Information filed pursuant to Rule 425

Filed by VISX, Incorporated

Pursuant to Rule 425

Under the Securities Act of 1933

And Deemed Filed Pursuant to Rule 14a-12

Under the Securities Exchange Act of 1934

Subject Company: VISX, Incorporated

Commission File No. 001-10694

 

This filing relates to the Agreement and Plan of Merger, dated as of November 9, 2004, as amended, by and among Advanced Medical Optics, Inc., Vault Merger Corporation (a wholly owned subsidiary of AMO) and VISX, Incorporated.
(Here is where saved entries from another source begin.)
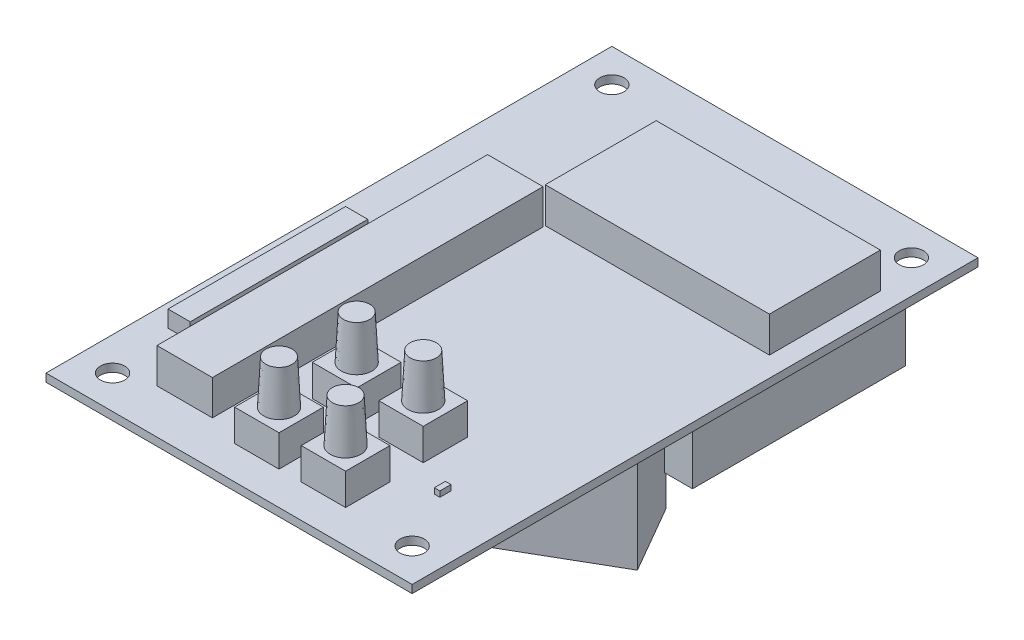
SolidWorks part; units mm, degrees
ref_plane "Front Plane" through (0, 0, 0) normal (0, 0, 1) x (1, 0, 0)
ref_plane "Top Plane" through (0, 0, 0) normal (0, 1, 0) x (1, 0, 0)
ref_plane "Right Plane" through (0, 0, 0) normal (1, 0, 0) x (0, 0, -1)
sketch "Sketch1" plane through (0, 0, 0) normal (0, 1, 0) x (1, 0, 0)
  line L1 (0, 0) -> (41.91, 0)
  line L2 (0, 0) -> (0, 64.77)
  line L3 (0, 64.77) -> (41.91, 64.77)
  line L4 (41.91, 0) -> (41.91, 64.77)
  dimension "D1" = 41.91
  dimension "D2" = 64.77
extrude "Board" add sketch "Sketch1" along normal blind 0.9144
sketch "ButtonBase" plane through (0, 0.9144, 0) normal (0, 1, 0) x (1, 0, 0)
  line L0 (0, 64.77) -> (0, 0) construction
  line L1 (17.78, 12.7) -> (22.86, 12.7)
  line L2 (17.78, 12.7) -> (17.78, 17.78)
  line L3 (17.78, 17.78) -> (22.86, 17.78)
  line L4 (22.86, 12.7) -> (22.86, 17.78)
  line L5 (17.78, 12.7) -> (22.86, 17.78) construction
  line L6 (17.78, 17.78) -> (22.86, 12.7) construction
  line L7 (0, 0) -> (41.91, 0) construction
  line L8 (30.48, 12.7) -> (30.48, 17.78)
  line L9 (25.4, 17.78) -> (30.48, 12.7) construction
  line L10 (25.4, 17.78) -> (30.48, 17.78)
  line L11 (25.4, 12.7) -> (25.4, 17.78)
  line L12 (25.4, 12.7) -> (30.48, 17.78) construction
  line L13 (25.4, 12.7) -> (30.48, 12.7)
  line L14 (30.48, 3.81) -> (30.48, 8.89)
  line L15 (25.4, 8.89) -> (30.48, 3.81) construction
  line L16 (25.4, 8.89) -> (30.48, 8.89)
  line L17 (25.4, 3.81) -> (25.4, 8.89)
  line L18 (25.4, 3.81) -> (30.48, 8.89) construction
  line L19 (25.4, 3.81) -> (30.48, 3.81)
  line L20 (22.86, 3.81) -> (22.86, 8.89)
  line L21 (17.78, 8.89) -> (22.86, 3.81) construction
  line L22 (17.78, 8.89) -> (22.86, 8.89)
  line L23 (17.78, 3.81) -> (17.78, 8.89)
  line L24 (17.78, 3.81) -> (22.86, 8.89) construction
  line L25 (17.78, 3.81) -> (22.86, 3.81)
  point P0 (20.32, 15.24)
  dimension "D1" = 20.32
  dimension "D2" = 15.24
  dimension "D3" = 5.08
  dimension "ButtonSepX" = 7.62
  dimension "ButtonSepY" = 8.89
  dimension "D4" = 2
  dimension "D5" = 2
extrude "Button" add sketch "ButtonBase" along normal blind 3.6068
sketch "Sketch4" plane through (0, 0.9144, 0) normal (0, 1, 0) x (1, 0, 0)
  line L0 (0, 0) -> (41.91, 0) construction
  line L1 (13.97, 43.18) -> (39.624, 43.18)
  line L2 (13.97, 43.18) -> (13.97, 55.88)
  line L3 (13.97, 55.88) -> (39.624, 55.88)
  line L4 (39.624, 43.18) -> (39.624, 55.88)
  line L5 (0, 64.77) -> (0, 0) construction
  dimension "D1" = 43.18
  dimension "D2" = 13.97
  dimension "D3" = 12.7
  dimension "D4" = 25.654
extrude "LiPo" add sketch "Sketch4" along normal blind 4.064
hole_wizard "7/64 (0.10938) Diameter Hole1" positions "Sketch7" profile "Sketch6" hole size "7/64" standard "ANSI Inch"
sketch "Sketch7" plane through (0, 0.9144, 0) normal (0, 1, 0) x (1, 0, 0)
  line L0 (0, 0) -> (41.91, 0) construction
  line L1 (0, 64.77) -> (0, 0) construction
  point P0 (3.81, 60.96)
  point P2 (38.1, 60.96)
  point P4 (38.1, 3.81)
  point P6 (3.81, 3.81)
  dimension "D1" = 3.81
  dimension "D2" = 3.81
  dimension "D3" = 38.1
  dimension "D4" = 3.81
  dimension "D5" = 60.96
sketch "Sketch6" plane through (3.81, 0.9144, -60.96) normal (1, 0, 0) x (0, 0, 1)
  line L0 (0, 0) -> (0, 26.2347)
  line L1 (0, 26.2347) -> (1.3891, 25.4)
  line L2 (1.3891, 25.4) -> (1.3891, 0)
  line L5 (1.3891, 0) -> (0, 0)
  line L10 (0, 26.2347) -> (-1.3891, 25.4) construction
  line L11 (0, -6.35) -> (0, 107.95) construction
  dimension "Hole Dia." = 2.7783
  dimension "Hole Depth" = 25.4
  dimension "Drill Angle" = 118
sketch "Sketch8" plane through (0, 0.9144, 0) normal (0, 1, 0) x (1, 0, 0)
  line L0 (0, 0) -> (41.91, 0) construction
  line L1 (34.2265, 10.2235) -> (34.8615, 10.2235)
  line L2 (34.2265, 10.2235) -> (34.2265, 11.4935)
  line L3 (34.2265, 11.4935) -> (34.8615, 11.4935)
  line L4 (34.8615, 10.2235) -> (34.8615, 11.4935)
  line L5 (34.2265, 10.2235) -> (34.8615, 11.4935) construction
  line L6 (34.2265, 11.4935) -> (34.8615, 10.2235) construction
  line L8 (0, 64.77) -> (0, 0) construction
  point P0 (34.544, 10.8585)
  dimension "D1" = 10.8585
  dimension "D2" = 34.544
  dimension "D3" = 0.635
  dimension "D4" = 1.27
extrude "LED" add sketch "Sketch8" along normal blind 0.635
sketch "Sketch10" plane through (0, 0, 0) normal (0, -1, 0) x (1, 0, 0)
  line L0 (41.4782, -26.2182) -> (28.9179, -18.9665)
  line L1 (41.4782, -26.2182) -> (36.9824, -34.0052)
  line L2 (28.9179, -18.9665) -> (24.4221, -26.7535)
  line L3 (36.9824, -34.0052) -> (24.4221, -26.7535)
  line L4 (41.4782, -26.2182) -> (24.4221, -26.7535) construction
  line L5 (28.9179, -18.9665) -> (36.9824, -34.0052) construction
  line L6 (41.91, 0) -> (41.91, -64.77) construction
  line L7 (0, -64.77) -> (0, 0) construction
  line L9 (0, 0) -> (41.91, 0) construction
  point P0 (26.67, -22.86)
  point P1 (32.9502, -26.4859)
  dimension "D1" = 26.67
  dimension "D2" = 22.86
  dimension "D3" = 8.9916
  dimension "D4" = 14.5034
  dimension "D5" = 60
extrude "PowerJack" add sketch "Sketch10" along normal blind 10.9982
sketch "Sketch11" plane through (0, 0, 0) normal (0, -1, 0) x (1, 0, 0)
  line L0 (19.3929, -57.912) -> (12.8651, -50.3174)
  line L1 (40.4749, -57.912) -> (40.4749, -33.528)
  line L2 (40.4749, -57.912) -> (19.3929, -57.912)
  line L3 (19.3929, -57.912) -> (19.3929, -33.528) construction
  line L4 (40.4749, -33.528) -> (19.3929, -33.528)
  line L5 (12.8651, -50.3174) -> (12.8651, -41.1226)
  line L6 (12.8651, -41.1226) -> (19.3929, -33.528)
  line L7 (12.8651, -45.72) -> (40.4749, -45.72) construction
  line L10 (0, -64.77) -> (0, 0) construction
  line L11 (0, 0) -> (41.91, 0) construction
  line L12 (26.67, -45.72) -> (26.67, -33.528) construction
  line L13 (26.67, -33.528) -> (26.67, -57.912) construction
  point P8 (26.67, -45.72)
  dimension "D1" = 24.384
  dimension "D2" = 6.5278
  dimension "D3" = 27.6098
  dimension "D4" = 7.5946
  dimension "D5" = 26.67
  dimension "D6" = 45.72
extrude "XBee" add sketch "Sketch11" along normal blind 7.09
sketch "Sketch12" plane through (0, 4.5212, 0) normal (0, 1, 0) x (1, 0, 0)
  line L0 (20.32, 17.78) -> (20.32, 12.7) construction
  line L1 (22.86, 17.78) -> (17.78, 17.78) construction
  line L2 (17.78, 12.7) -> (22.86, 12.7) construction
  line L3 (20.32, 12.7) -> (20.32, 3.81) construction
  line L4 (17.78, 3.81) -> (22.86, 3.81) construction
  line L5 (17.78, 15.24) -> (30.48, 15.24) construction
  line L6 (17.78, 17.78) -> (17.78, 12.7) construction
  line L7 (30.48, 12.7) -> (30.48, 17.78) construction
  circle A0 centre (20.32, 15.24) radius 1.7526
  circle A1 centre (27.94, 15.24) radius 1.7526
  circle A2 centre (27.94, 6.35) radius 1.7526
  circle A3 centre (20.32, 6.35) radius 1.7526
  point P15 (20.32, 15.24)
  point P17 (27.94, 15.24)
  point P19 (27.94, 6.35)
  point P20 (20.32, 6.35)
  dimension "D5" = 3.5052
  dimension "D3" = 7.62
  dimension "D4" = 8.89
  dimension "D1" = 2
  dimension "D2" = 2
  dimension "D6" = 2
  dimension "D7" = 2
extrude "ButtonPlunger" add sketch "Sketch12" along normal blind 5
draft "Plunger Taper" type of draft neutral plane draft angle 2.87 faces to draft 4 face at (27.94, 9.5212, -4.5974) face at (27.94, 9.5212, -13.4874) face at (20.32, 9.5212, -13.4874) face at (20.32, 9.5212, -4.5974) neutral plane through (0, 4.5212, 0) neutral plane normal (0, 1, 0) parameters "D1"=2.87
sketch "Sketch13" plane through (0, 0.9144, 0) normal (0, 1, 0) x (1, 0, 0)
  line L0 (0, 64.77) -> (0, 0) construction
  line L1 (7.62, 5.08) -> (13.97, 5.08)
  line L2 (7.62, 5.08) -> (7.62, 42.926)
  line L3 (7.62, 42.926) -> (13.97, 42.926)
  line L4 (13.97, 5.08) -> (13.97, 42.926)
  line L5 (0, 0) -> (41.91, 0) construction
  dimension "D1" = 7.62
  dimension "D2" = 5.08
  dimension "D3" = 6.35
  dimension "D4" = 37.846
extrude "ATMEL" add sketch "Sketch13" along normal blind 4
sketch "Sketch15" plane through (0, 0, 0) normal (0, -1, 0) x (-1, 0, 0)
  line L0 (0, 64.77) -> (0, 0) construction
  line L1 (-2.54, 11.43) -> (-5.08, 11.43)
  line L2 (-2.54, 11.43) -> (-2.54, 31.75)
  line L3 (-2.54, 31.75) -> (-5.08, 31.75)
  line L4 (-5.08, 11.43) -> (-5.08, 31.75)
  line L5 (0, 0) -> (-41.91, 0) construction
  dimension "D1" = 2.54
  dimension "D2" = 20.32
  dimension "D3" = 2.54
  dimension "D4" = 11.43
extrude "Headers" add sketch "Sketch15" along normal blind 8.89 and the other way blind 2.8194

On April 26, 2005, VISX announced its financial results for the first quarter of 2005. Portions of the press release announcing these results and related to the proposed merger follows:

 

VISX and Advanced Medical Optics Merger Update:

 

On April 25, 2005, VISX and Advanced Medical Optics, Inc. [NYSE: AVO] announced that they have each selected May 26, 2005, as the date for their respective special meetings of stockholders concerning their planned merger. (AMO’s annual meeting of stockholders will also be held on this date.) AMO and VISX expect the joint proxy statement/prospectus to be mailed to stockholders of AMO and VISX on or about April 27, 2005. Stockholders of record as of the close of business on April 14, 2005, of both companies will be entitled to vote at the respective special meetings. The transaction is expected to close shortly after the May 26, 2005, stockholders’ meetings.

 

8) Q: What was the impact of merger-related expenses on EPS?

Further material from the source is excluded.